I don't know why I can't see my emails immediately sent to the group ...
anyways,
I'm sorting a sequenceFile using it's sorter on my local filesystem. The
inputFile size is 1937690478 bytes.
but after 14 minutes of sorting.. I get :
TEST SORTING ..
java.io.FileNotFoundException: File does not exist:
/usr/mark/tmp/mapred/local/SortedOutput.0
at
org.apache.hadoop.hdfs.DistributedFileSystem.getFileStatus(DistributedFileSystem.java:457)
at org.apache.hadoop.fs.FileSystem.getLength(FileSystem.java:676)
at
org.apache.hadoop.io.SequenceFile$Reader.<init>(SequenceFile.java:1417)
at
org.apache.hadoop.io.SequenceFile$Reader.<init>(SequenceFile.java:1353)
at
org.apache.hadoop.io.SequenceFile$Sorter.cloneFileAttributes(SequenceFile.java:2663)
at
org.apache.hadoop.io.SequenceFile$Sorter.mergePass(SequenceFile.java:2712)
at org.apache.hadoop.io.SequenceFile$Sorter.sort(SequenceFile.java:2285)
at org.apache.hadoop.io.SequenceFile$Sorter.sort(SequenceFile.java:2324)
at
CrossPartitionSimilarity.TestSorter(CrossPartitionSimilarity.java:164)
at CrossPartitionSimilarity.main(CrossPartitionSimilarity.java:47)
at sun.reflect.NativeMethodAccessorImpl.invoke0(Native Method)
at
sun.reflect.NativeMethodAccessorImpl.invoke(NativeMethodAccessorImpl.java:57)
at
sun.reflect.DelegatingMethodAccessorImpl.invoke(DelegatingMethodAccessorImpl.java:43)
at java.lang.reflect.Method.invoke(Method.java:616)
at org.apache.hadoop.util.RunJar.main(RunJar.java:156)

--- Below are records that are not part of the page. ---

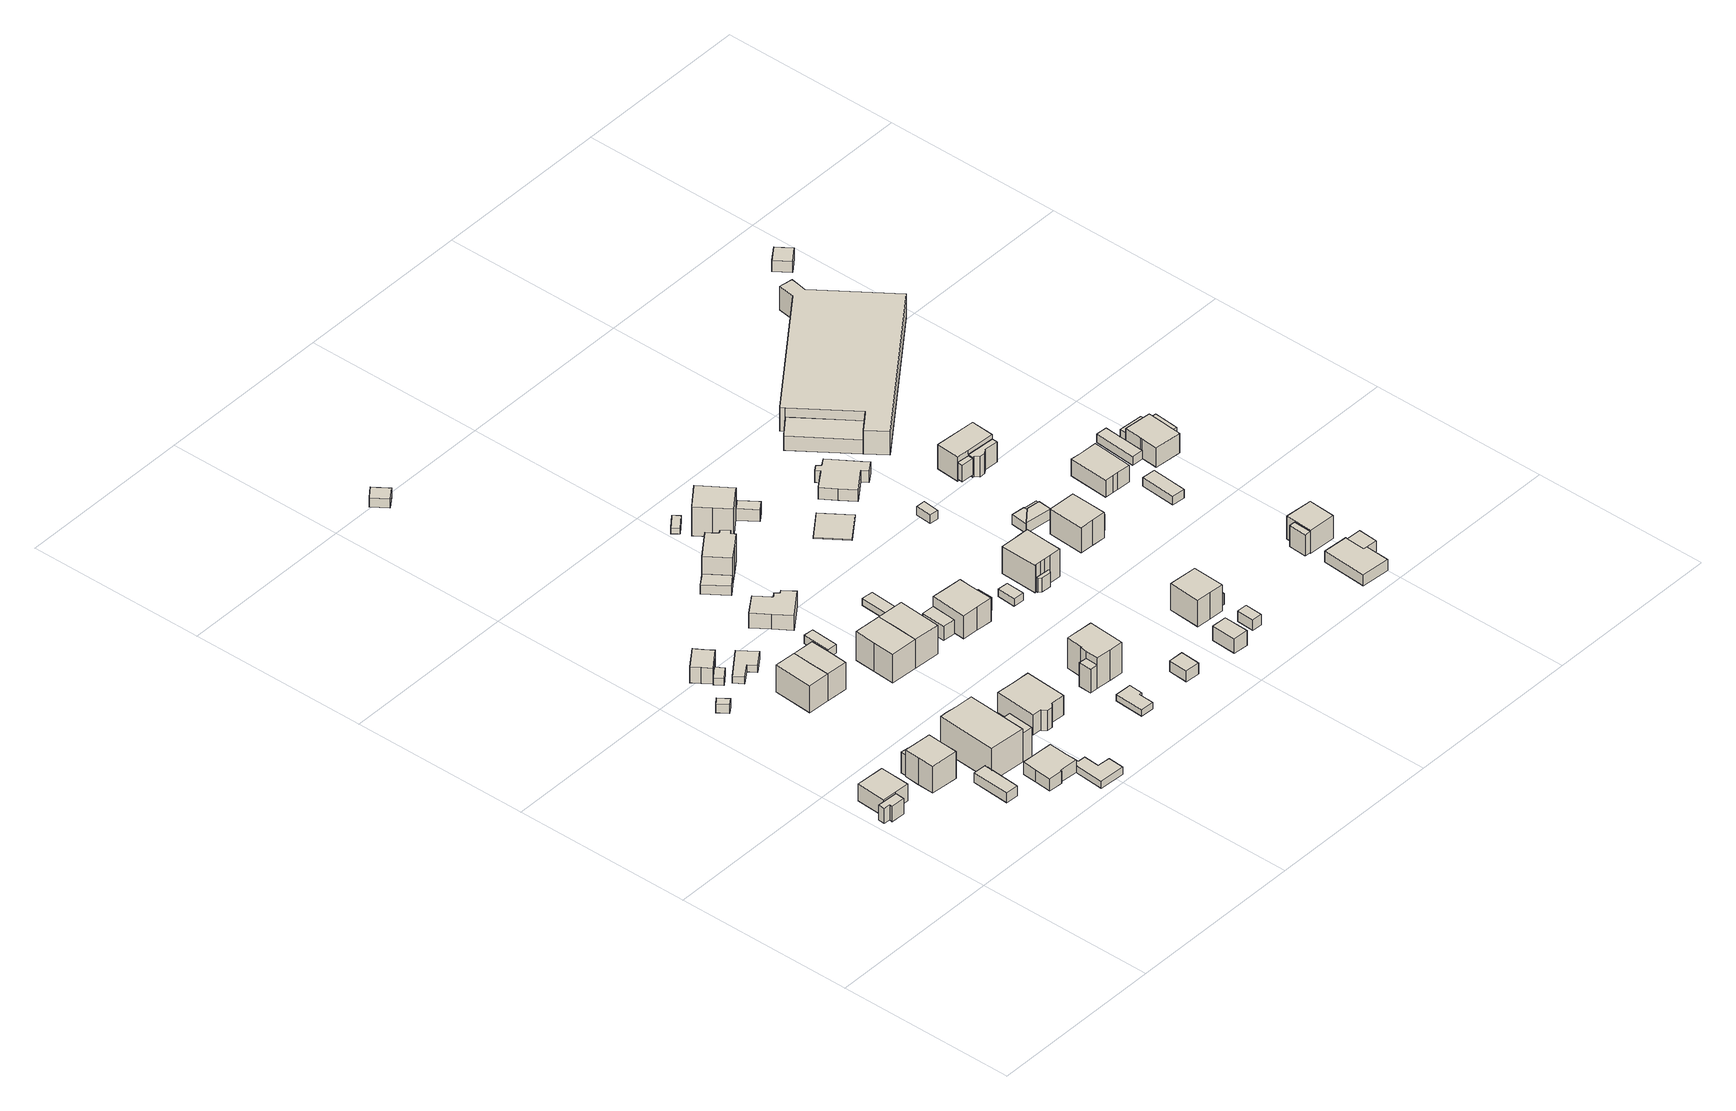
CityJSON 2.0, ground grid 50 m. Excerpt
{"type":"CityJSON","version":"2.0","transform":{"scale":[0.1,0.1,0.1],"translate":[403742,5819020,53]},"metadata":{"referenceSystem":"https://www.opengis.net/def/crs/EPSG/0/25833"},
"CityObjects":{
"building1":{"type":"Building","attributes":{"Gemeindeschluessel":"11000010","function":"31001_1010"},"address":[{"country":"Germany","locality":"Berlin","thoroughfareNumber":"12","thoroughfareName":"Rügenwalder Weg"}],"children":["building1-1","building1-2"]},
"building1-1":{"type":"BuildingPart","attributes":{"BezugspunktDach":"2200","measuredHeight":5.51,"storeysAboveGround":1},"parents":["building1"],"geometry":[{"type":"MultiSurface","lod":"1","boundaries":[[[0,1,2,3,4]],[[5,6,7,8,9]],[[5,9,4,3]],[[6,5,3,2]],[[7,6,2,1]],[[8,7,1,0]],[[10,11,0,4]],[[12,9,8,11,10]]]}]},
"building1-2":{"type":"BuildingPart","attributes":{"BezugspunktDach":"2200","measuredHeight":4.62,"storeysAboveGround":1},"parents":["building1"],"geometry":[{"type":"Solid","lod":"1","boundaries":[[[[13,14,15,11,10,16,17,18]],[[19,20,9,8,21,22,23,24]],[[19,24,18,17]],[[20,19,17,16]],[[9,20,16,10]],[[21,8,11,15]],[[22,21,15,14]],[[23,22,14,13]],[[24,23,13,18]],[[9,10,11,8]]]]}]},
"building2":{"type":"Building","attributes":{"Gemeindeschluessel":"11000010","function":"31001_1010"},"address":[{"country":"Germany","locality":"Berlin","thoroughfareNumber":"14","thoroughfareName":"Rügenwalder Weg"}],"children":["building2-1","building2-2"]},
"building2-1":{"type":"BuildingPart","attributes":{"BezugspunktDach":"2200","measuredHeight":10.71,"storeysAboveGround":2},"parents":["building2"],"geometry":[{"type":"MultiSurface","lod":"1","boundaries":[[[25,26,27,28,29,30,31]],[[32,33,34,35,36,37,38]],[[32,38,31,30]],[[33,32,30,29]],[[39,40,29,28]],[[34,33,41,42]],[[35,34,28,27]],[[36,35,27,26]],[[37,36,26,25]],[[38,37,25,31]],[[42,41,40,39]]]}]},
"building2-2":{"type":"BuildingPart","attributes":{"BezugspunktDach":"2200","measuredHeight":6.26,"storeysAboveGround":2},"parents":["building2"],"geometry":[{"type":"MultiSurface","lod":"1","boundaries":[[[39,43,44,40]],[[45,46,42,41]],[[45,41,40,44]],[[46,45,44,43]],[[42,46,43,39]],[[41,42,39,40,47]]]}]},
"building3":{"type":"Building","attributes":{"Gemeindeschluessel":"11000010","BezugspunktDach":"2200","function":"31001_2000","measuredHeight":3.29,"storeysAboveGround":1},"address":[{"country":"Germany","locality":"Berlin","thoroughfareNumber":"14 (1)","thoroughfareName":"Rügenwalder Weg"}],"geometry":[{"type":"Solid","lod":"1","boundaries":[[[[48,49,50,51]],[[52,53,54,55]],[[52,55,51,50]],[[53,52,50,49]],[[54,53,49,48]],[[55,54,48,51]]]]}]},
"building4":{"type":"Building","attributes":{"Gemeindeschluessel":"11000010","BezugspunktDach":"2200","function":"31001_2000","measuredHeight":2.72,"storeysAboveGround":1},"address":[{"country":"Germany","locality":"Berlin","thoroughfareNumber":"11 (1)","thoroughfareName":"Rügenwalder Weg"}],"geometry":[{"type":"Solid","lod":"1","boundaries":[[[[56,57,58,59]],[[60,61,62,63]],[[60,63,59,58]],[[61,60,58,57]],[[62,61,57,56]],[[63,62,56,59]]]]}]},
"building5":{"type":"Building","attributes":{"Gemeindeschluessel":"11000010","BezugspunktDach":"2200","function":"31001_2000","measuredHeight":2.12,"storeysAboveGround":1},"address":[{"country":"Germany","locality":"Berlin","thoroughfareNumber":"18 (1)","thoroughfareName":"Gülzower Straße"}],"geometry":[{"type":"Solid","lod":"1","boundaries":[[[[64,65,66,67,68]],[[69,70,71,72,73]],[[69,73,68,67]],[[70,69,67,66]],[[71,70,66,65]],[[72,71,65,64]],[[73,72,64,68]]]]}]},
"building6":{"type":"Building","attributes":{"Gemeindeschluessel":"11000010","BezugspunktDach":"2200","function":"31001_2000","measuredHeight":5.38,"storeysAboveGround":1},"address":[{"country":"Germany","locality":"Berlin","thoroughfareNumber":"16 (1)","thoroughfareName":"Rügenwalder Weg"}],"geometry":[{"type":"Solid","lod":"1","boundaries":[[[[74,75,76,77,78,79,80,81,82]],[[83,84,85,86,87,88,89,90,91]],[[83,91,82,81]],[[84,83,81,80]],[[85,84,80,79]],[[86,85,79,78]],[[87,86,78,77]],[[88,87,77,76]],[[89,88,76,75]],[[90,89,75,74]],[[91,90,74,82]]]]}]},
"building7":{"type":"Building","attributes":{"Gemeindeschluessel":"11000010","BezugspunktDach":"2200","function":"31001_1010","measuredHeight":6.31,"storeysAboveGround":1},"address":[{"country":"Germany","locality":"Berlin","thoroughfareNumber":"18","thoroughfareName":"Gülzower Straße"}],"geometry":[{"type":"Solid","lod":"1","boundaries":[[[[92,93,94,95,96,97,98]],[[99,100,101,102,103,104,105]],[[99,105,98,97]],[[100,99,97,96]],[[101,100,96,95]],[[102,101,95,94]],[[103,102,94,93]],[[104,103,93,92]],[[105,104,92,98]]]]}]},
"building8":{"type":"Building","attributes":{"Gemeindeschluessel":"11000010","function":"31001_1120"},"address":[{"country":"Germany","locality":"Berlin","thoroughfareNumber":"16","thoroughfareName":"Rügenwalder Weg"}],"children":["building8-1","building8-2"]},
"building8-1":{"type":"BuildingPart","attributes":{"BezugspunktDach":"2200","measuredHeight":11.16,"storeysAboveGround":2},"parents":["building8"],"geometry":[{"type":"MultiSurface","lod":"1","boundaries":[[[106,107,108,109,110,111]],[[112,113,114,115,116,117]],[[112,117,111,110]],[[113,112,110,109]],[[114,113,109,108]],[[115,114,108,107]],[[118,119,120,115,107,106]],[[117,116,106,111]],[[116,120,119,118]]]}]},
"building8-2":{"type":"BuildingPart","attributes":{"BezugspunktDach":"2200","measuredHeight":8.69,"storeysAboveGround":2},"parents":["building8"],"geometry":[{"type":"Solid","lod":"1","boundaries":[[[[121,122,119,118]],[[120,123,124,116]],[[123,120,119,122]],[[124,123,122,121]],[[116,124,121,118]],[[120,116,118,119]]]]}]},
"building9":{"type":"Building","attributes":{"Gemeindeschluessel":"11000010","BezugspunktDach":"2200","function":"31001_1010","measuredHeight":9.77,"storeysAboveGround":1},"address":[{"country":"Germany","locality":"Berlin","thoroughfareNumber":"13","thoroughfareName":"Rügenwalder Weg"}],"geometry":[{"type":"Solid","lod":"1","boundaries":[[[[125,126,127,128,129]],[[130,131,132,133,134]],[[130,134,129,128]],[[131,130,128,127]],[[132,131,127,126]],[[133,132,126,125]],[[134,133,125,129]]]]}]},
"building10":{"type":"Building","attributes":{"Gemeindeschluessel":"11000010","BezugspunktDach":"2200","function":"31001_2000","measuredHeight":2.16,"storeysAboveGround":1},"address":[{"country":"Germany","locality":"Berlin","thoroughfareNumber":"18 (1)","thoroughfareName":"Rügenwalder Weg"}],"geometry":[{"type":"Solid","lod":"1","boundaries":[[[[135,136,137,138,139,140,141,142,143]],[[144,145,146,147,148,149,150,151,152]],[[144,152,143,142]],[[145,144,142,141]],[[146,145,141,140]],[[147,146,140,139]],[[148,147,139,138]],[[149,148,138,137]],[[150,149,137,136]],[[151,150,136,135]],[[152,151,135,143]]]]}]},
"building11":{"type":"Building","attributes":{"Gemeindeschluessel":"11000010","BezugspunktDach":"2200","function":"31001_2000","measuredHeight":2.15,"storeysAboveGround":1},"address":[{"country":"Germany","locality":"Berlin","thoroughfareNumber":"18 (2)","thoroughfareName":"Gülzower Straße"}],"geometry":[{"type":"Solid","lod":"1","boundaries":[[[[153,154,155,156,157,158]],[[159,160,161,162,163,164]],[[159,164,158,157]],[[160,159,157,156]],[[161,160,156,155]],[[162,161,155,154]],[[163,162,154,153]],[[164,163,153,158]]]]}]},
"building12":{"type":"Building","attributes":{"Gemeindeschluessel":"11000010","BezugspunktDach":"2200","function":"31001_1010","measuredHeight":9.76,"storeysAboveGround":1},"address":[{"country":"Germany","locality":"Berlin","thoroughfareNumber":"13A","thoroughfareName":"Rügenwalder Weg"}],"geometry":[{"type":"Solid","lod":"1","boundaries":[[[[165,166,167,127,125]],[[168,169,170,171,172]],[[168,172,125,127]],[[169,168,127,167]],[[170,169,167,166]],[[171,170,166,165]],[[172,171,165,125]]]]}]},
"building13":{"type":"Building","attributes":{"Gemeindeschluessel":"11000010","BezugspunktDach":"2200","function":"31001_1010","measuredHeight":8.1,"storeysAboveGround":1},"address":[{"country":"Germany","locality":"Berlin","thoroughfareNumber":"18","thoroughfareName":"Rügenwalder Weg"}],"geometry":[{"type":"Solid","lod":"1","boundaries":[[[[173,174,175,176,177,178,179,180,181,182,183]],[[184,185,186,187,188,189,190,191,192,193,194]],[[184,194,183,182]],[[185,184,182,181]],[[186,185,181,180]],[[187,186,180,179]],[[188,187,179,178]],[[189,188,178,177]],[[190,189,177,176]],[[191,190,176,175]],[[192,191,175,174]],[[193,192,174,173]],[[194,193,173,183]]]]}]},
"building14":{"type":"Building","attributes":{"Gemeindeschluessel":"11000010","BezugspunktDach":"2200","function":"31001_2463","measuredHeight":2.58,"storeysAboveGround":1},"address":[{"country":"Germany","locality":"Berlin","thoroughfareNumber":"15 (1)","thoroughfareName":"Rügenwalder Weg"}],"geometry":[{"type":"Solid","lod":"1","boundaries":[[[[195,196,197,198]],[[199,200,201,202]],[[199,202,198,197]],[[200,199,197,196]],[[201,200,196,195]],[[202,201,195,198]]]]}]},
"building15":{"type":"Building","attributes":{"Gemeindeschluessel":"11000010","BezugspunktDach":"2200","function":"31001_1010","measuredHeight":10.52,"storeysAboveGround":1},"address":[{"country":"Germany","locality":"Berlin","thoroughfareNumber":"15","thoroughfareName":"Rügenwalder Weg"}],"geometry":[{"type":"Solid","lod":"1","boundaries":[[[[203,204,205,206,207,208]],[[209,210,211,212,213,214]],[[209,214,208,207]],[[210,209,207,206]],[[211,210,206,205]],[[212,211,205,204]],[[213,212,204,203]],[[214,213,203,208]]]]}]},
"building16":{"type":"Building","attributes":{"Gemeindeschluessel":"11000010","BezugspunktDach":"2200","function":"31001_1010","measuredHeight":5.12,"storeysAboveGround":1},"address":[{"country":"Germany","locality":"Berlin","thoroughfareNumber":"20","thoroughfareName":"Gülzower Straße"}],"geometry":[{"type":"Solid","lod":"1","boundaries":[[[[215,216,217,218,219,220,221,222,223,224]],[[225,226,227,228,229,230,231,232,233,234]],[[225,234,224,223]],[[226,225,223,222]],[[227,226,222,221]],[[228,227,221,220]],[[229,228,220,219]],[[230,229,219,218]],[[231,230,218,217]],[[232,231,217,216]],[[233,232,216,215]],[[234,233,215,224]]]]}]},
"building17":{"type":"Building","attributes":{"Gemeindeschluessel":"11000010","BezugspunktDach":"2200","function":"31001_1010","measuredHeight":10.54,"storeysAboveGround":1},"address":[{"country":"Germany","locality":"Berlin","thoroughfareNumber":"17","thoroughfareName":"Rügenwalder Weg"}],"geometry":[{"type":"Solid","lod":"1","boundaries":[[[[235,236,205,203]],[[211,237,238,213]],[[211,213,203,205]],[[237,211,205,236]],[[238,237,236,235]],[[213,238,235,203]]]]}]},
"building18":{"type":"Building","attributes":{"Gemeindeschluessel":"11000010","BezugspunktDach":"2200","function":"31001_2000","measuredHeight":2.79,"storeysAboveGround":1},"address":[{"country":"Germany","locality":"Berlin","thoroughfareNumber":"15A (3)","thoroughfareName":"Gülzower Straße"}],"geometry":[{"type":"Solid","lod":"1","boundaries":[[[[239,240,241,242]],[[243,244,245,246]],[[243,246,242,241]],[[244,243,241,240]],[[245,244,240,239]],[[246,245,239,242]]]]}]},
"building19":{"type":"Building","attributes":{"Gemeindeschluessel":"11000010","BezugspunktDach":"2200","function":"31001_2000","measuredHeight":3.55,"storeysAboveGround":1},"address":[{"country":"Germany","locality":"Berlin","thoroughfareNumber":"22 (1)","thoroughfareName":"Gülzower Straße"}],"geometry":[{"type":"Solid","lod":"1","boundaries":[[[[247,248,249,250,251]],[[252,253,254,255,256]],[[252,256,251,250]],[[253,252,250,249]],[[254,253,249,248]],[[255,254,248,247]],[[256,255,247,251]]]]}]},
"building20":{"type":"Building","attributes":{"Gemeindeschluessel":"11000010","BezugspunktDach":"2200","function":"31001_2000","measuredHeight":1.88,"storeysAboveGround":1},"address":[{"country":"Germany","locality":"Berlin","thoroughfareNumber":"24 (1)","thoroughfareName":"Rügenwalder Weg"}],"geometry":[{"type":"Solid","lod":"1","boundaries":[[[[257,258,259,260,261,262]],[[263,264,265,266,267,268]],[[263,268,262,261]],[[264,263,261,260]],[[265,264,260,259]],[[266,265,259,258]],[[267,266,258,257]],[[268,267,257,262]]]]}]},
"building21":{"type":"Building","attributes":{"Gemeindeschluessel":"11000010","BezugspunktDach":"2200","function":"31001_1010","measuredHeight":11.18,"storeysAboveGround":2},"address":[{"country":"Germany","locality":"Berlin","thoroughfareNumber":"22","thoroughfareName":"Gülzower Straße"}],"geometry":[{"type":"Solid","lod":"1","boundaries":[[[[269,270,271,272,273,274,275,276,277,278]],[[279,280,281,282,283,284,285,286,254,253]],[[279,253,278,277]],[[280,279,277,276]],[[281,280,276,275]],[[282,281,275,274]],[[283,282,274,273]],[[284,283,273,272]],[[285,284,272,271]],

Yet, the file is still there: wc -c SortedOutput.0 ---> 1918661230
../tmp/mapred/local/SortedOutput.0
and if it is because of space, I checked and it can hold up to 209 GB. So,
my question are there restrictions on some JVM configurations that I should
take care of ?
Thank you,
Maha